Features
This is a brief overview of the functionality that is explained more thoroughly in the user guide and technical documentation:
Access controls
Users can be standard or power users by assignment to a stack created IAM group.
- Standard users can list and upload files but cannot download or delete them.
- Power users can do all of the above.
Only AWS account administrators can access replicated buckets and objects.
Audit trail
Request logs are generated for each user-created bucket. This is raw AWS provided data that can be processed using tools like DuckDB.
Checksum reports
Checksum reports are generated on a configurable schedule, comparing checksums across source and replication buckets to detect corruption. Files found to be corrupt can be restored from the verified copy. See the checksum verification documentation for more details.
Choice of region
Files can be stored in any AWS region supported by the infrastructure.
CLI available
A command-line interface (dcp) is available for advanced users. It provides access to all core functions and additional maintenance commands for tasks such as checksumming local files, reconciling bucket configuration, and transferring data between buckets.
Hosting and support
If creating an AWS account and deploying resources to it is not possible then Lyrasis provides a hosting and technical support option to handle the infrastructure for you.
Inventory
A file manifest is generated for each user-created bucket. The raw AWS inventory data is available in Parquet format and a consolidated, user friendly csv file is also made available that includes the S3 url for each file.
Lifecycle transitions
Files are uploaded to the standard storage tier and transition to a selected storage class after a configurable interval, which can be specified for each stack deployment. Old versions of files and aborted multipart uploads are automatically deleted after a configurable period.
Manifest reports
A consolidated, human-readable CSV file is generated per bucket, listing all files with metadata including S3 URL, size, storage class, and last modified date.
Public access via CDN (Content Delivery Network)
A CloudFront distribution and bucket is created that can be used to make files publicly available. Simply upload files to it and share the public url using a specified domain.
Other buckets can be created as publicly accessible by naming them with a -public suffix. Files uploaded to such buckets will be available using a standard, unauthenticated S3 URL.

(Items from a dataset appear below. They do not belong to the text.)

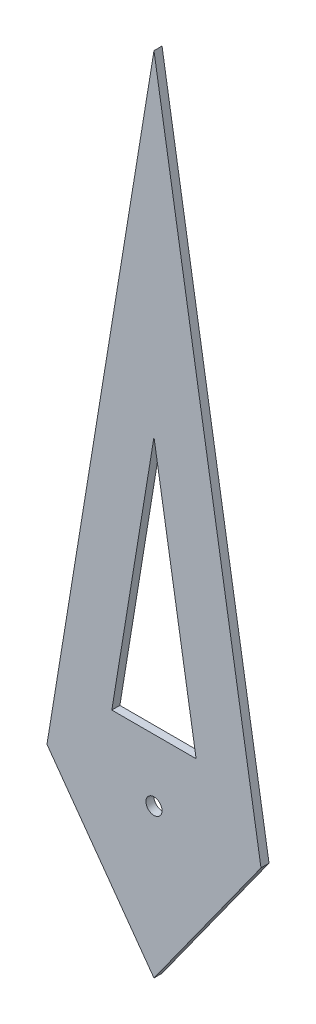
SolidWorks part; units mm, degrees
ref_plane "Front Plane" through (0, 0, 0) normal (0, 0, 1) x (1, 0, 0)
ref_plane "Top Plane" through (0, 0, 0) normal (0, 1, 0) x (1, 0, 0)
ref_plane "Right Plane" through (0, 0, 0) normal (1, 0, 0) x (0, 0, -1)
sketch "Sketch1" plane through (0, 0, 0) normal (0, 0, 1) x (1, 0, 0)
  line L0 (0, -0.3857) -> (0, 3.6774) construction
  line L1 (0, 3.6774) -> (0.6646, -0.3857)
  line L2 (0.6646, -0.3857) -> (0, -1.3102)
  line L3 (-0.6646, -0.3857) -> (0, -1.3102)
  line L4 (0, 3.6774) -> (-0.6646, -0.3857)
  line L5 (-0.2617, 0) -> (0.2617, 0)
  line L6 (0.2617, 0) -> (0, 1.6001)
  line L7 (-0.2617, 0) -> (0, 1.6001)
  point P8 (0, 0)
extrude "Boss-Extrude1" add sketch "Sketch1" along normal blind 0.05
sketch "Sketch2" plane through (0, 0, 0.05) normal (0, 0, 1) x (1, 0, 0)
  circle A0 centre (0, -0.3857) radius 0.05
  dimension "D1" = 0.1
extrude "Cut-Extrude1" cut sketch "Sketch2" against normal blind 0.05
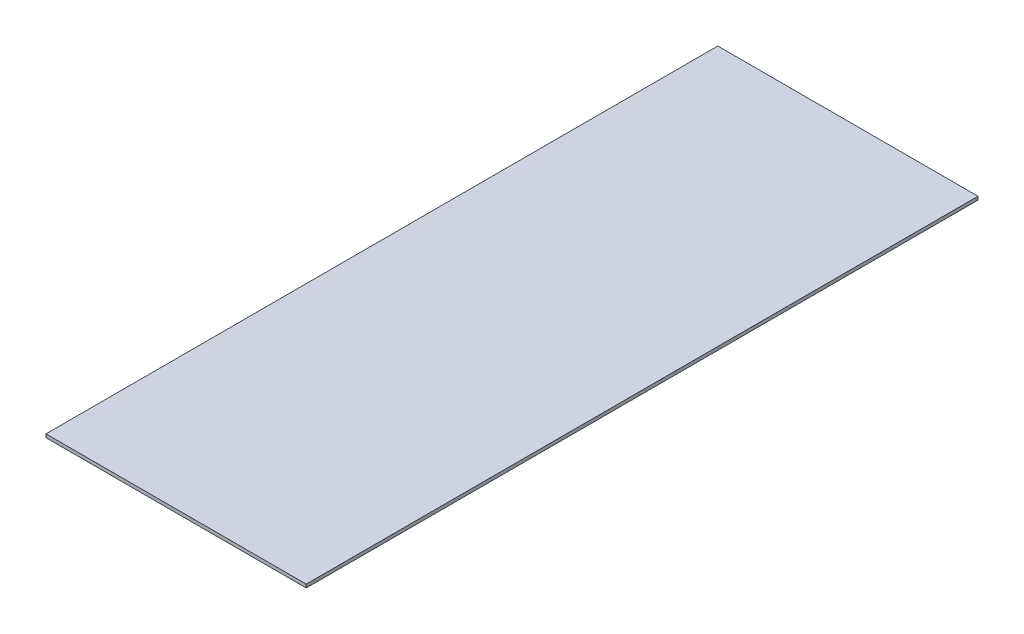
SolidWorks part; units mm, degrees
material "Thornel Mat VMA"
ref_plane "Alzado" through (0, 0, 0) normal (0, 0, 1) x (1, 0, 0)
ref_plane "Planta" through (0, 0, 0) normal (0, 1, 0) x (1, 0, 0)
ref_plane "Vista lateral" through (0, 0, 0) normal (1, 0, 0) x (0, 0, -1)
sketch "Croquis1" plane through (0, 0, 0) normal (0, 1, 0) x (1, 0, 0)
  line L1 (-115.47, 298.1) -> (115.47, 298.1)
  line L2 (-115.47, 298.1) -> (-115.47, -298.1)
  line L3 (-115.47, -298.1) -> (115.47, -298.1)
  line L4 (115.47, 298.1) -> (115.47, -298.1)
  line L5 (-115.47, 298.1) -> (115.47, -298.1) construction
  line L6 (-115.47, -298.1) -> (115.47, 298.1) construction
  point P0 (0, 0)
  dimension "D1" = 230.94
  dimension "D2" = 596.2
extrude "Saliente-Extruir1" add sketch "Croquis1" along normal blind 3
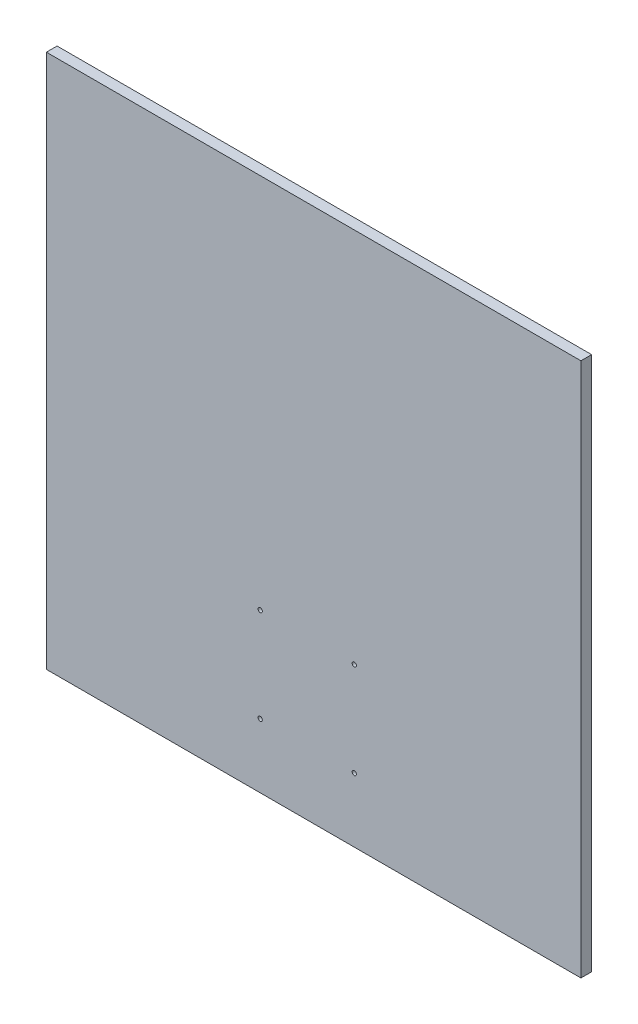
SolidWorks part; units mm, degrees
ref_plane "Plan de face" through (0, 0, 0) normal (0, 0, 1) x (1, 0, 0)
ref_plane "Plan de dessus" through (0, 0, 0) normal (0, 1, 0) x (1, 0, 0)
ref_plane "Plan de droite" through (0, 0, 0) normal (1, 0, 0) x (0, 0, -1)
sketch "Esquisse1" plane through (0, 0, 0) normal (0, 0, 1) x (1, 0, 0)
  line L1 (0, 0) -> (250, 0)
  line L2 (0, 0) -> (0, 250)
  line L3 (0, 250) -> (250, 250)
  line L4 (250, 0) -> (250, 250)
  circle A0 centre (100, 30) radius 1
  circle A1 centre (144, 30) radius 1
  circle A2 centre (144, 74) radius 1
  circle A3 centre (100, 74) radius 1
  dimension "D3" = 2
  dimension "D6" = 30
  dimension "D1" = 250
  dimension "D2" = 250
  dimension "D7" = 100
  dimension "D4" = 2
  dimension "D5" = 2
extrude "Boss.-Extru.1" add sketch "Esquisse1" along normal blind 5
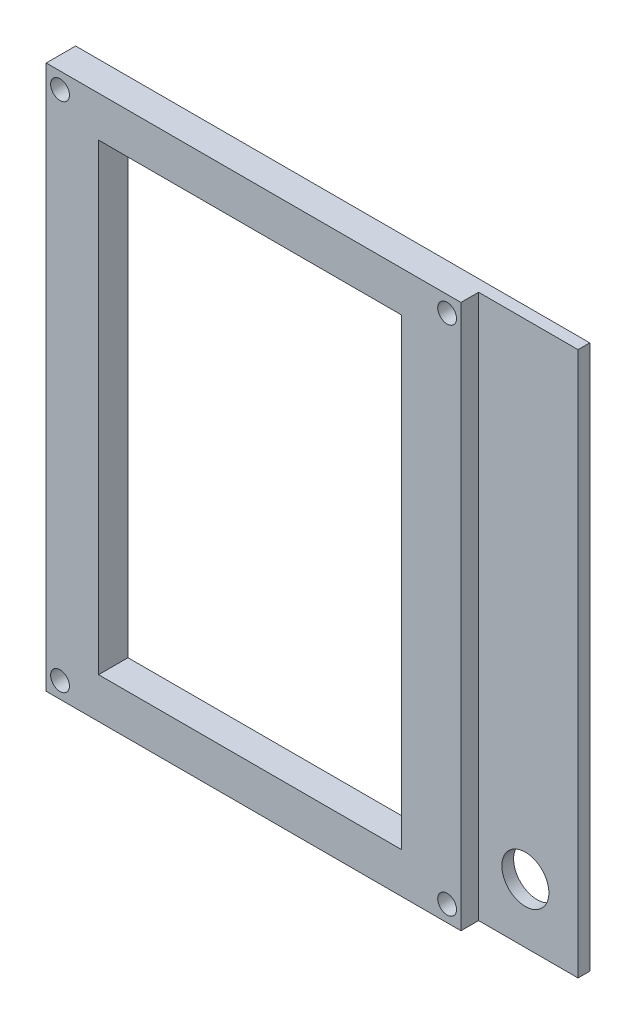
SolidWorks part; units mm, degrees
material "PBT Общее назначение"
ref_plane "Спереди" through (0, 0, 0) normal (0, 0, 1) x (1, 0, 0)
ref_plane "Сверху" through (0, 0, 0) normal (0, 1, 0) x (1, 0, 0)
ref_plane "Справа" through (0, 0, 0) normal (1, 0, 0) x (0, 0, -1)
sketch "Эскиз1" plane through (0, 0, 92.6623) normal (0, 0, -1) x (-1, 0, 0)
  line L4 (-4, 97.5) -> (-75, 97.5)
  line L5 (-75, 97.5) -> (-75, 4.5)
  line L6 (-75, 4.5) -> (-4, 4.5)
  line L7 (-4, 4.5) -> (-4, 97.5)
  line L8 (-4, 97.5) -> (-75, 97.5)
  line L9 (-75, 97.5) -> (-75, 4.5)
  line L10 (-75, 4.5) -> (-4, 4.5)
  line L11 (-4, 4.5) -> (-4, 97.5)
  line L12 (-13.4, 90.1) -> (-64.4, 90.1)
  line L13 (-64.4, 90.1) -> (-64.4, 11.9)
  line L14 (-64.4, 11.9) -> (-13.4, 11.9)
  line L15 (-13.4, 11.9) -> (-13.4, 90.1)
  line L16 (-13.4, 90.1) -> (-64.4, 90.1)
  line L17 (-64.4, 90.1) -> (-64.4, 11.9)
  line L18 (-64.4, 11.9) -> (-13.4, 11.9)
  line L19 (-13.4, 11.9) -> (-13.4, 90.1)
  circle A0 centre (-6.6, 7.5) radius 1.6 construction
  circle A1 centre (-6.6, 7.5) radius 1.6
  circle A2 centre (-72.4, 7.5) radius 1.6 construction
  circle A3 centre (-72.4, 7.5) radius 1.6
  circle A4 centre (-6.6, 94.5) radius 1.6 construction
  circle A5 centre (-6.6, 94.5) radius 1.6
  circle A6 centre (-72.4, 94.5) radius 1.6 construction
  circle A7 centre (-72.4, 94.5) radius 1.6
  dimension "D1" = 0
  dimension "D2" = 0
extrude "Бобышка-Вытянуть1" add sketch "Эскиз1" along normal blind 5
sketch "Эскиз2" plane through (0, 0, 92.6623) normal (0, 0, 1) x (1, 0, 0)
  line L0 (4.25, 97.25) -> (74.75, 97.25)
  line L1 (4.25, 97.25) -> (4.25, 4.75)
  line L2 (74.75, 97.25) -> (74.75, 4.75)
  line L3 (4.25, 4.75) -> (74.75, 4.75)
  line L4 (75, 97.5) -> (75, 4.5) construction
  line L5 (75, 4.5) -> (4, 4.5) construction
  line L6 (4, 4.5) -> (4, 97.5) construction
  line L7 (4, 97.5) -> (75, 97.5) construction
  line L12 (4, 97.5) -> (4, 4.5)
  line L13 (4, 4.5) -> (75, 4.5)
  line L14 (75, 4.5) -> (75, 97.5)
  line L15 (75, 97.5) -> (4, 97.5)
  line L16 (4, 97.5) -> (4, 4.5)
  line L17 (4, 4.5) -> (75, 4.5)
  line L18 (75, 4.5) -> (75, 97.5)
  line L19 (75, 97.5) -> (4, 97.5)
  dimension "D1" = 0.25
  dimension "D2" = 0.25
  dimension "D3" = 0.25
  dimension "D4" = 0.25
  dimension "D5" = 0
extrude "Вырез-Вытянуть1" cut sketch "Эскиз2" against normal through all
sketch "Эскиз3" plane through (0, 0, 92.6623) normal (0, 0, 1) x (1, 0, 0)
  line L0 (13.15, 90.35) -> (64.65, 90.35)
  line L1 (13.15, 90.35) -> (13.15, 11.65)
  line L2 (64.65, 90.35) -> (64.65, 11.65)
  line L3 (13.15, 11.65) -> (64.65, 11.65)
  line L4 (13.4, 90.1) -> (64.4, 90.1) construction
  line L5 (13.4, 11.9) -> (13.4, 90.1) construction
  line L6 (64.4, 90.1) -> (64.4, 11.9) construction
  line L7 (64.4, 11.9) -> (13.4, 11.9) construction
  line L8 (64.4, 11.9) -> (13.4, 11.9)
  line L9 (13.4, 11.9) -> (13.4, 90.1)
  line L10 (64.4, 90.1) -> (64.4, 11.9)
  line L11 (13.4, 90.1) -> (64.4, 90.1)
  dimension "D1" = 0.25
  dimension "D2" = 0.25
  dimension "D3" = 0.25
  dimension "D4" = 0.25
extrude "Вырез-Вытянуть2" cut sketch "Эскиз3" against normal through all
sketch "Эскиз5" plane through (0, 0, 87.6623) normal (0, 0, -1) x (-1, 0, 0)
  line L0 (-64.65, 97.25) -> (-64.65, 4.75)
  line L1 (-64.65, 97.25) -> (-91.65, 97.25)
  line L2 (-64.65, 4.75) -> (-91.65, 4.75)
  line L3 (-91.65, 97.25) -> (-91.65, 4.75)
  line L4 (-74.75, 97.25) -> (-4.25, 97.25) construction
  line L5 (-4.25, 4.75) -> (-74.75, 4.75) construction
  line L6 (-64.65, 11.65) -> (-64.65, 90.35) construction
  circle A0 centre (-72.4, 94.5) radius 1.6 construction
  circle A1 centre (-72.4, 7.5) radius 1.6 construction
  circle A2 centre (-72.4, 94.5) radius 1.6
  circle A3 centre (-72.4, 7.5) radius 1.6
  dimension "D1" = 27
extrude "Бобышка-Вытянуть3" add sketch "Эскиз5" against normal blind 2
sketch "Эскиз7" plane through (0, 0, 87.6623) normal (0, 0, -1) x (-1, 0, 0)
  circle A0 centre (-82.7, 14.8) radius 3.35 construction
  circle A1 centre (-82.7, 14.8) radius 3.35 construction
  circle A2 centre (-82.7, 14.8) radius 4
  dimension "D1" = 8
extrude "Вырез-Вытянуть3" cut sketch "Эскиз7" against normal through all

Files will be stored in the intelligent storage tier and not transitioned to Glacier; however replication will still occur and the backup copies will be stored in Glacier.
Reconciliation reports
The reconciliation report is used to detect drift in bucket configuration, providing reassurance that buckets are configured correctly and working as expected.
Replication
Files for all buckets are replicated to Glacier Deep Archive. These files are included in the checksum verification process to determine file integrity. We have dedicated documentation for how this works.
Storage reports
An HTML storage report is generated showing usage statistics across all buckets in the stack, including total file counts and storage consumed by bucket and top-level prefix. It also includes the year-to-date total of data transfer out from S3 to the internet (requires Cost Explorer to be enabled in AWS, and an active Stack cost allocation tag).
Versioning
Bucket versioning is enabled. This supports file restore for up to a configurable number of days post update which can be specified for each stack deployment.
Web UI integration with SFTPGo
There is support within the application and deployment tooling for SFTPGo integration, which provides a web based interface for S3. Users can be created that are pre-configured with appropriate access (per the access controls that have been assigned to them) and the SFTPGo user account is kept in sync as buckets are created, or via the dcp cli.
General integrations
Web applications that support use of Amazon S3 for storage
Any application or framework that can be configured to use Amazon S3 for storage can work with DuraCloud Preserve. By simply using a bucket created as part of a DuraCloud Preserve stack files will be stored with the additional benefits outlined in this documentation, including versioning, replication and checksum verification.
Some specific examples:
- Any Rails web applications using ActiveStorage.
- Archivematica Storage Service
- CollectionSpace file storage.
- DSpace Storage Layer.
Lyrasis service integrations
ArchivesSpace
ArchivesSpace itself does not manage digital content and provides no way to upload files. The public urls provided by the Duracloud Preserve CloudFront enabled bucket can be used to host files that are referenced in Digital Objects using the File URI field to make them openly accessible on the internet.
CollectionSpace
Refer to the roadmap for any upcoming work.
DSpace
The Replication Task Suite is a plugin for DSpace that adds preservation capabilities that can be accessed using the DSpace user interface. It creates archival information packages used to backup DSpace items in a self contained way that are periodically transferred to external storage, including Amazon S3. Doing the latter with a DuraCloud Preserve created bucket works equivalently to using S3 for the DSpace Storage Layer (assetstore), and if both are configured this way it enables a dual layer of protection for files (as both the assetstore and archival packages would benefit from versioning, replication and checksum verification etc.).
Other integrations
Archive-It
Create an inventory and a backup of WARC files retrieved from the Internet Archive - Archive-It service.